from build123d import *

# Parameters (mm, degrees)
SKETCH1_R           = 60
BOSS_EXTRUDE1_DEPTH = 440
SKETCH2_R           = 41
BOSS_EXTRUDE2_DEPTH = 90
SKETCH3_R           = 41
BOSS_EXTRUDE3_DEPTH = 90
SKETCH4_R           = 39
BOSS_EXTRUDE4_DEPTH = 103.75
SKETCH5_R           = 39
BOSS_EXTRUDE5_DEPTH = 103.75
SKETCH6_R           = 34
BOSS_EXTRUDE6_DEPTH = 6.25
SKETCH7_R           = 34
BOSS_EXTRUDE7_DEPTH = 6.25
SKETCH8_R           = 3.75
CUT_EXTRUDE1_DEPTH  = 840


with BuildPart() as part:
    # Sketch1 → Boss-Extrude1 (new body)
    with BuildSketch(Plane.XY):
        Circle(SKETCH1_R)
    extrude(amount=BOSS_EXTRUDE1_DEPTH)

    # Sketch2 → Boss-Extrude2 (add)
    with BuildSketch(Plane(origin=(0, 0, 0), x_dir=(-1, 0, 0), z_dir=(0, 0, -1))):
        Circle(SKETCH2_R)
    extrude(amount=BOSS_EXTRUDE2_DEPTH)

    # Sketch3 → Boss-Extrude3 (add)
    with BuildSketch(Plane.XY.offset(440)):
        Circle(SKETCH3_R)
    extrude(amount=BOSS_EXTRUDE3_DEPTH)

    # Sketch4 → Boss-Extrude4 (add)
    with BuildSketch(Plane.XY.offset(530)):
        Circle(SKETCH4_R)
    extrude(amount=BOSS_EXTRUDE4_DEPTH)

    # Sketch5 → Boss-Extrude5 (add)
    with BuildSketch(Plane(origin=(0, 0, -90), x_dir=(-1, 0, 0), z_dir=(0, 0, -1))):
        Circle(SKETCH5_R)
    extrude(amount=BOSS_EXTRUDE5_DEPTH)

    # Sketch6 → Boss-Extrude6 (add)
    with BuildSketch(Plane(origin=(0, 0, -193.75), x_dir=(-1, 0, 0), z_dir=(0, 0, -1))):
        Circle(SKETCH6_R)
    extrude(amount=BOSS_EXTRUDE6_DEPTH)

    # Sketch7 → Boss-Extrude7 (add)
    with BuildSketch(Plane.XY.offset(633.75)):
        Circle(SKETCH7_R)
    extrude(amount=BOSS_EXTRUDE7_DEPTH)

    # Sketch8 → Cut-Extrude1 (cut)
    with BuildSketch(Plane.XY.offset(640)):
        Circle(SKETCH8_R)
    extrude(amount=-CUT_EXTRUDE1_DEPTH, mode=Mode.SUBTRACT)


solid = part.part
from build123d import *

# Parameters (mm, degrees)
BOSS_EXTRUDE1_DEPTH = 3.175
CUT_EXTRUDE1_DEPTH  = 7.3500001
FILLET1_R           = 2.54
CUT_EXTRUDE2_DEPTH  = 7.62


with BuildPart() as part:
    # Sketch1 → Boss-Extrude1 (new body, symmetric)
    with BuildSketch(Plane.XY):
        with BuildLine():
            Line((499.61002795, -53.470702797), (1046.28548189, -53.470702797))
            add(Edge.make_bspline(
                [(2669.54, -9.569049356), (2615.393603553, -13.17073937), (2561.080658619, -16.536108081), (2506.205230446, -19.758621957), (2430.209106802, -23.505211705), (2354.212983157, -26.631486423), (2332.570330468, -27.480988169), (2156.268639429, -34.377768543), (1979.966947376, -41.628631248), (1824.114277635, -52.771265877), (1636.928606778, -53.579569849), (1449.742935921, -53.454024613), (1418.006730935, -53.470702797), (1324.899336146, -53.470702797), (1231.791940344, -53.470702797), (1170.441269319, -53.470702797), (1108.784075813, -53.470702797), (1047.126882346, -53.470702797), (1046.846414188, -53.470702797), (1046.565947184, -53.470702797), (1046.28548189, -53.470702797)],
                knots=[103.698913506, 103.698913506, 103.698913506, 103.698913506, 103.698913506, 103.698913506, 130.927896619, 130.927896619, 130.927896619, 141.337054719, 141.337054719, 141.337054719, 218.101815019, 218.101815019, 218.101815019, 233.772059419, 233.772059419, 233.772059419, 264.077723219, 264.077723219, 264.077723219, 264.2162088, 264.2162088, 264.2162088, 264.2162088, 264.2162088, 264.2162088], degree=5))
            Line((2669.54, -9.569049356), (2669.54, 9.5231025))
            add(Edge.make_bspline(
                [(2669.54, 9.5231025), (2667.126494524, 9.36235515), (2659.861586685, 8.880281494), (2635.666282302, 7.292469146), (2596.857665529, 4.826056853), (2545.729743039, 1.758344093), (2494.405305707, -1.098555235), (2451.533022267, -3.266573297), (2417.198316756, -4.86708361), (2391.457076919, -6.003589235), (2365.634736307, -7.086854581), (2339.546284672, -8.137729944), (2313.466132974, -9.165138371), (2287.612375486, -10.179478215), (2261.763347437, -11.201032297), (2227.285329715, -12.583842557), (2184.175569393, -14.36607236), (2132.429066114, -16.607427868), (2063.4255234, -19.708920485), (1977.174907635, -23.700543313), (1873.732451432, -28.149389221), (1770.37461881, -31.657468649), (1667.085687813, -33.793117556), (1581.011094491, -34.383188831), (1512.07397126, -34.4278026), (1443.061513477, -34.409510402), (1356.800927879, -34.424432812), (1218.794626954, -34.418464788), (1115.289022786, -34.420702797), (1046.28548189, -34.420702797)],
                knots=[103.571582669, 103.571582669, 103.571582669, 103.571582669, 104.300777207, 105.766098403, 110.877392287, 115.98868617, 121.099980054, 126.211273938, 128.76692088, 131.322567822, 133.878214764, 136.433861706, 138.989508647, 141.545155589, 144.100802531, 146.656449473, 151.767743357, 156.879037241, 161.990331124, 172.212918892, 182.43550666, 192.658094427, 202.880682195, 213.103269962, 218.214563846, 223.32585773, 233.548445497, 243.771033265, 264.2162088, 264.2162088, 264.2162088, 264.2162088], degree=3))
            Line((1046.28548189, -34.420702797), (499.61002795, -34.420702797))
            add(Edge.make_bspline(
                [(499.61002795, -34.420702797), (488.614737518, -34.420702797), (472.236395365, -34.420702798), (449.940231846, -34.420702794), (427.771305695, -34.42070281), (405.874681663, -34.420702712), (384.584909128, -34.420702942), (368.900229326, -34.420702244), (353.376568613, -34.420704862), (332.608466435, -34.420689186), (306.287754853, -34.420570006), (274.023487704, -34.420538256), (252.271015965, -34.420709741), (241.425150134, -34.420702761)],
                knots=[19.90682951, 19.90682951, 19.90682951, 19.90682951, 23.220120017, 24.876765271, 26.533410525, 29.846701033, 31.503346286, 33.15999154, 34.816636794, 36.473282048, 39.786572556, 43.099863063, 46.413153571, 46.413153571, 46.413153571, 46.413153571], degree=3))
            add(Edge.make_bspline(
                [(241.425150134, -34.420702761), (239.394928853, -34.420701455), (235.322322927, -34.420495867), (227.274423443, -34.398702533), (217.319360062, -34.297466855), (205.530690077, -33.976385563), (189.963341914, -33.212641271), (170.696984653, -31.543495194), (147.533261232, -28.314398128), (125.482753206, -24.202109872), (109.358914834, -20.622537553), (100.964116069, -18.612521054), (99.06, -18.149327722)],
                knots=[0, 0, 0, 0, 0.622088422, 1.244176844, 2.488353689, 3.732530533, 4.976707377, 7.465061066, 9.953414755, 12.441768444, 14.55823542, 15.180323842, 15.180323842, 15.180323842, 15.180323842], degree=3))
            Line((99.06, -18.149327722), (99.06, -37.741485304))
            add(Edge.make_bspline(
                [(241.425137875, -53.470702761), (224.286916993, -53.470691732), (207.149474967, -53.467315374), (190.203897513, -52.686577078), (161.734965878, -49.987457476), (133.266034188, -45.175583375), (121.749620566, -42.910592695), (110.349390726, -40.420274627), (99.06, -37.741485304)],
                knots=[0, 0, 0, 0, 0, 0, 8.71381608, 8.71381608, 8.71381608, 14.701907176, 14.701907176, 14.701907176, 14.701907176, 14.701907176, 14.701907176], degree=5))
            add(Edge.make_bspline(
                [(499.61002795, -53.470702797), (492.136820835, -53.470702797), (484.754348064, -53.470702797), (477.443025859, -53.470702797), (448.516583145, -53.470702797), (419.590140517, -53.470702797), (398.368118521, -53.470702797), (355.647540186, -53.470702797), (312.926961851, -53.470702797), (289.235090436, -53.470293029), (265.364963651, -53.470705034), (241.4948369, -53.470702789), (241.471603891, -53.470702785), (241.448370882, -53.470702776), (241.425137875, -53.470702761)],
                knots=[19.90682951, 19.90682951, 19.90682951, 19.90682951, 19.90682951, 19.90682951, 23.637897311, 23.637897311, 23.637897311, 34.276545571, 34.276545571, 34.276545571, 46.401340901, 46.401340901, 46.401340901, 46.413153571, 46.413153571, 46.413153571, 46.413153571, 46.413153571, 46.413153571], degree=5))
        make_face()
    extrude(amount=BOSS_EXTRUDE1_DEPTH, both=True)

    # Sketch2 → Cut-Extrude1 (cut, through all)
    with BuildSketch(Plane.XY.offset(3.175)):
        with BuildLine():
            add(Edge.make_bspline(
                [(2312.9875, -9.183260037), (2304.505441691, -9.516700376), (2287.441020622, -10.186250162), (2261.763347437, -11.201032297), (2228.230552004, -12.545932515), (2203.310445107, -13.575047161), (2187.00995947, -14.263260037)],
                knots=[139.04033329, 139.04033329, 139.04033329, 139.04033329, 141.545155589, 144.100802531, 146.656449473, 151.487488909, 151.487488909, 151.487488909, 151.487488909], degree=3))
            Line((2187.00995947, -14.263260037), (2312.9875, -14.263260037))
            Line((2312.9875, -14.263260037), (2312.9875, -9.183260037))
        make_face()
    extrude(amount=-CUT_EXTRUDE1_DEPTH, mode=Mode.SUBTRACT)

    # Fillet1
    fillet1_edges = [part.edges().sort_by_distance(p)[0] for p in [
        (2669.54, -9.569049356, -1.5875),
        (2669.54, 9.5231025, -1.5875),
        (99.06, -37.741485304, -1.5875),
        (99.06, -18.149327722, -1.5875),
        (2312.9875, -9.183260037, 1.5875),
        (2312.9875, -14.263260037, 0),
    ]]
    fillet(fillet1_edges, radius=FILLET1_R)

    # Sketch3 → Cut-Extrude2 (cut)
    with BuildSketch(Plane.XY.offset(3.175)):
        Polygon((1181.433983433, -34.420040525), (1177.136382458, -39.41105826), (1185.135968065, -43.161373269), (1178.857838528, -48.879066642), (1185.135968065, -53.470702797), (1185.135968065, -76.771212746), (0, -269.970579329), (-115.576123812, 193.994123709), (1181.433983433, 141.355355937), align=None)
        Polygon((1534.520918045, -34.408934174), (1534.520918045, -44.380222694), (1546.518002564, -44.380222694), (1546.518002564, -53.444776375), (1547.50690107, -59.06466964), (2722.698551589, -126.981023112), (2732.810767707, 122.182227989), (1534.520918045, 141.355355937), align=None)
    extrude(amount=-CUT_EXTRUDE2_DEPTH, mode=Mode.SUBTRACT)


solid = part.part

▸ **Task to carry out**: Beginning at the top of the records above, transcribe each line exactly up to and including the line that holds "Circle(SKETCH1_R)".

▸ **Result for this exercise**:
from build123d import *

# Parameters (mm, degrees)
SKETCH1_R           = 60
BOSS_EXTRUDE1_DEPTH = 440
SKETCH2_R           = 41
BOSS_EXTRUDE2_DEPTH = 90
SKETCH3_R           = 41
BOSS_EXTRUDE3_DEPTH = 90
SKETCH4_R           = 39
BOSS_EXTRUDE4_DEPTH = 103.75
SKETCH5_R           = 39
BOSS_EXTRUDE5_DEPTH = 103.75
SKETCH6_R           = 34
BOSS_EXTRUDE6_DEPTH = 6.25
SKETCH7_R           = 34
BOSS_EXTRUDE7_DEPTH = 6.25
SKETCH8_R           = 3.75
CUT_EXTRUDE1_DEPTH  = 840


with BuildPart() as part:
    # Sketch1 → Boss-Extrude1 (new body)
    with BuildSketch(Plane.XY):
        Circle(SKETCH1_R)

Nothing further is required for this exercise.